The CSP2+ is surprisingly good with high impedence cans...
 i am hooking it as a preamp to an inexpensive Darkvoice336se n having a great ball of a time really...
 there is a synergy betw these 2..the soundstage is deeper, thicker..dense with details.
 (but if i switch it around, trying the DV as a pre..the sound kinda collapsed..anemic ..i dun know the science to it..blush )


----------



## jhljhl

lorspeaker said:


> The CSP2+ is surprisingly good with high impedence cans...
> i am hooking it as a preamp to an inexpensive Darkvoice336se n having a great ball of a time really...
> there is a synergy betw these 2..the soundstage is deeper, thicker..dense with details.
> (but if i switch it around, trying the DV as a pre..the sound kinda collapsed..anemic ..i dun know the science to it..blush )


 

 I haven't used my jolida as a pre just as a dac here with this combination - I'll try it later.


----------



## xxxfbsxxx

quite silly but just wonder could we replace the 6n1p with 6sn7 tube+adapter


----------



## Lorspeaker

xxxfbsxxx said:


> quite silly but just wonder could we replace the 6n1p with 6sn7 tube+adapter


 
  
 crossed my mind too...i have a small stash of 6sn7s too.. hmmm..where are the electrical experts..hate to burn an Xpensive amp


----------



## Skylab

In a word : no. 

6SN7 draws about twice the heater current, and has about 1/3 the transconductance, among other things.


----------



## Lorspeaker

skylab said:


> In a word : no.
> 
> 6SN7 draws about twice the heater current, and has about 1/3 the transconductance, among other things.


 
  
  
 thank u sir...and how about this ....
  
 By the way, is a 25U4g similar to/replaceable with a 5U4g ?? anyone?


----------



## Skylab

lorspeaker said:


> thank u sir...and how about this ....
> 
> By the way, is a 25U4g similar to/replaceable with a 5U4g ?? anyone?
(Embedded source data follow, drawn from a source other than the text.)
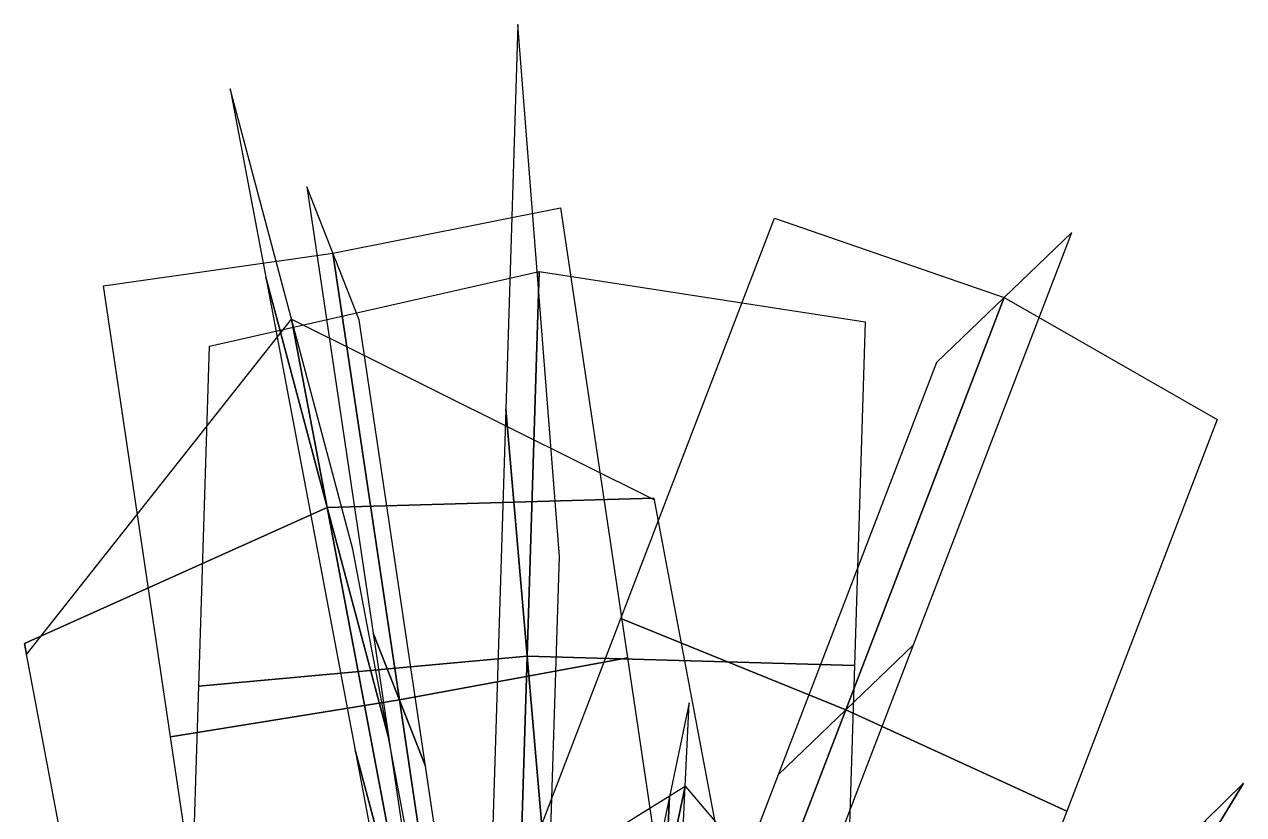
# Model space of a CAD drawing. Header units: metres. Extents: x -1.65 to 1.74, y -0.75 to 2.6.
# Drawn here: x -0.42 to 0.758, y 1.837 to 2.601 of the extents above; entities that cross this region are included whole.
import ezdxf

# ---------------------------------------------------------------- set-up
doc = ezdxf.new("R2010")
doc.units = ezdxf.units.M

msp = doc.modelspace()

# ---------------------------------------------------------------- linework, layer by layer
at = {"layer": 'coconut_palm10_leaves'}
for points in [[(0.045563, 2.228814, 4.016023), (0.086873, 1.751033, 3.607768), (0.097251, 2.086282, 3.08315), (0.057225, 2.600827, 3.491405)], [(-0.186542, 2.356489, 4.410914), (-0.067961, 1.911202, 4.096347), (-0.102335, 2.093324, 3.373857), (-0.220916, 2.538611, 3.688424)], [(-0.082734, 2.01221, 4.860111), (-0.032081, 1.883589, 4.433884), (-0.096197, 2.315172, 4.320899), (-0.14685, 2.443793, 4.747127)], [(0.162963, 1.988404, 4.668138), (-0.057407, 1.9479, 4.646997), (-0.121524, 2.379483, 4.534013), (0.098353, 2.423308, 4.56846)], [(0.374034, 1.938132, 4.931395), (0.156633, 2.026457, 4.9144), (0.305148, 2.413382, 5.195434), (0.52705, 2.336782, 5.17043)], [(0.308616, 1.875336, 5.147448), (0.439451, 2.000929, 4.715342), (0.592467, 2.399578, 4.954377), (0.461632, 2.273986, 5.386483)], [(-0.057407, 1.9479, 4.646997), (-0.27847, 1.912053, 4.638709), (-0.343261, 2.348175, 4.538614), (-0.121524, 2.379483, 4.534013)], [(0.066218, 1.989923, 3.811895), (-0.251227, 1.961074, 3.771843), (-0.240928, 2.289608, 3.214739), (0.07788, 2.361936, 3.287277)], [(0.382483, 1.981121, 3.812621), (0.066218, 1.989923, 3.811895), (0.07788, 2.361936, 3.287277), (0.39289, 2.313102, 3.251824)], [(-0.100228, 1.899178, 4.857779), (0.018353, 1.453891, 4.543211), (-0.067961, 1.911202, 4.096347), (-0.186542, 2.356489, 4.410914)], [(0.587761, 1.840237, 4.991015), (0.374034, 1.938132, 4.931395), (0.52705, 2.336782, 5.17043), (0.733047, 2.218747, 5.269186)], [(-0.127252, 2.133846, 4.253631), (-0.419762, 2.002266, 4.153026), (-0.417775, 1.991742, 3.340946), (-0.161625, 2.315968, 3.53114)], [(0.188385, 2.142897, 4.184775), (-0.127252, 2.133846, 4.253631), (-0.161625, 2.315968, 3.53114), (0.188655, 2.141465, 3.361981)], [(0.031651, 1.785017, 4.471349), (0.072961, 1.307236, 4.063093), (0.086873, 1.751033, 3.607768), (0.045563, 2.228814, 4.016023)], [(-0.040938, 1.676534, 4.700495), (-0.344418, 1.603077, 4.666031), (-0.419762, 2.002266, 4.153026), (-0.127252, 2.133846, 4.253631)], [(0.265236, 1.735723, 4.702849), (-0.040938, 1.676534, 4.700495), (-0.127252, 2.133846, 4.253631), (0.188385, 2.142897, 4.184775)], [(0.209778, 1.510201, 4.795245), (-0.007105, 1.599874, 4.759892), (0.156633, 2.026457, 4.9144), (0.374034, 1.938132, 4.931395)], [(-0.02031, 1.592025, 5.006743), (0.030343, 1.463404, 4.580516), (-0.032081, 1.883589, 4.433884), (-0.082734, 2.01221, 4.860111)], [(0.144361, 1.447405, 5.011298), (0.275196, 1.572998, 4.579192), (0.439451, 2.000929, 4.715342), (0.308616, 1.875336, 5.147448)], [(0.052306, 1.546126, 4.267221), (-0.264603, 1.534379, 4.242241), (-0.251227, 1.961074, 3.771843), (0.066218, 1.989923, 3.811895)], [(0.225611, 1.566706, 4.809252), (0.005016, 1.527714, 4.79363), (-0.057407, 1.9479, 4.646997), (0.162963, 1.988404, 4.668138)], [(0.369029, 1.551939, 4.285314), (0.052306, 1.546126, 4.267221), (0.066218, 1.989923, 3.811895), (0.382483, 1.981121, 3.812621)], [(0.005016, 1.527714, 4.79363), (-0.215702, 1.489552, 4.780129), (-0.27847, 1.912053, 4.638709), (-0.057407, 1.9479, 4.646997)], [(0.203725, 1.854136, 4.895923), (0.195995, 1.692656, 4.700376), (0.214995, 1.783558, 4.161089), (0.222725, 1.945038, 4.356637)], [(0.426235, 1.419417, 4.837808), (0.209778, 1.510201, 4.795245), (0.374034, 1.938132, 4.931395), (0.587761, 1.840237, 4.991015)], [(0.006121, 1.335713, 5.10735), (0.124702, 0.890426, 4.792783), (0.018353, 1.453891, 4.543211), (-0.100228, 1.899178, 4.857779)], [(0.19986, 1.773396, 4.798149), (0.027713, 1.790065, 4.713142), (0.017021, 1.738915, 4.131749), (0.21886, 1.864298, 4.258863)], [(0.366303, 1.729441, 4.754037), (0.19986, 1.773396, 4.798149), (0.21886, 1.864298, 4.258863), (0.359835, 1.698493, 4.157308)], [(0.527113, 1.639614, 4.485641), (0.264927, 1.207476, 4.328645), (0.496312, 1.434999, 3.787204), (0.758498, 1.867137, 3.9442)], [(0.758498, 1.867137, 3.9442), (0.496312, 1.434999, 3.787204), (0.458855, 1.351129, 3.045334), (0.722742, 1.831978, 3.20233)], [(0.132699, 1.514326, 5.073816), (0.124969, 1.352846, 4.878269), (0.195995, 1.692656, 4.700376), (0.203725, 1.854136, 4.895923)]]:
    msp.add_3dface(points, dxfattribs=at)

doc.saveas('drawing.dxf')

Good lord no!!! The first number is the voltage of the tube. So 25U4G is a 25 volt rectifier, as opposed to the 5 Volt 5U4G. 

Careful with that axe, Eugene...


----------



## Lorspeaker

http://www.ebay.com.sg/itm/BRIMAR-25U4GT-RECTIFIER-VALVE-TUBE-NOS-/150943034365?pt=UK_Sound_Vision_Valves_Vacuum_Tubes&hash=item2324e7ebfd&_uhb=1
  
 tot it is just a harmless number ."2"...LOL.


----------



## jhljhl

The preamp of the jolida fills out the sound for the taboo mkii nicely but probably not as well as a csp2+ would.
  
 I tried the mullard gz37 very nice tube - not as lush as the lorenz but the bass is a little tighter - soundstage a little wider too.


----------



## Lorspeaker

these mullard GZ37 are pricey huh..seen a few of them on ebay..not well armed $$ to bid. 
 i have a mullard GZ32...it is more bodacious, fuller sounding than the Lorenz.
 On some poor pairing, it can get too bloaty.


----------



## jhljhl

lorspeaker said:


> these mullard GZ37 are pricey huh..seen a few of them on ebay..not well armed $$ to bid.
> i have a mullard GZ32...it is more bodacious, fuller sounding than the Lorenz.
> On some poor pairing, it can get too bloaty.


 

 I got a great deal on the gz37.  I am really pleased with the lorenz hm... now a mullard gz32 sounds interesting...


----------



## Lorspeaker

ok go n snag one...i got one for 30pounds delivered when everyone is asleep..
 it sounded beautiful when i plugged in 3 e188cc tubes ! 
 need to experiment further with the cheaper russian tubes..
 maybe a 6n23p that is the craze now over at the LYR tube rolling thread.
  
 ======
  
 did a quick check..Mullard GZ37, cheapest is 70pounds delivered.


----------



## Skylab

FWIW, I really preferred the 5Y3 in the CSP-2, versus other rectifiers.


----------



## jhljhl

skylab said:


> FWIW, I really preferred the 5Y3 in the CSP-2, versus other rectifiers.


 
 I'm using a Taboo II.  I've a csp2+ on the way though.


----------



## xxxfbsxxx

skylab said:


> In a word : no.
> 
> 6SN7 draws about twice the heater current, and has about 1/3 the transconductance, among other things.


 
 thanks sir )


----------



## Lorspeaker

I bot SYLVANIA 5Y3,  WIZARD 5Y3G, and a TUNGSOL 5Y3G recently...
 the TS sounded BIGGER amongst the 3 from my first impression when i did a brief listen.
 Havent done a shootout betw diff TYPEs. 
  

  
 dun u love the small glass/silvered bottles..


----------



## Lord Soth

lorspeaker said:


> I bot SYLVANIA 5Y3,  WIZARD 5Y3G, and a TUNGSOL 5Y3G recently...
> the TS sounded BIGGER amongst the 3 from my first impression when i did a brief listen.
> Havent done a shootout betw diff TYPEs.
> 
> ...


 
  
 JDM did a very good 5Y3 rectifier shootout over here.
http://www.decware.com/cgi-bin/yabb22/YaBB.pl?num=1208182422/0
  
 Like JDM, I've also used a Amperex 6922 tube in front so I tend to agree with his findings.
  
 The RCA 5Y3 and Tung Sol 5Y3 appear to be on top of the list.
  
 I know that Lon, a regular Decware fan, favours the use of the RCA 5Y3.
  
 Sonics wise, in both my CSP2+ and CSP3, I have found the Tung Sol 5Y3 to be on par with the more expensive Brimar 5R4GY rectifier.
 I personally prefer the Brimar rectifier because aesthetics wise, it is a voluptuous tube. 
  
 Have fun!


----------



## Argo Duck

Lord Soth - I was trying to remember your handle yesterday! Another source of great Decware/tube advice!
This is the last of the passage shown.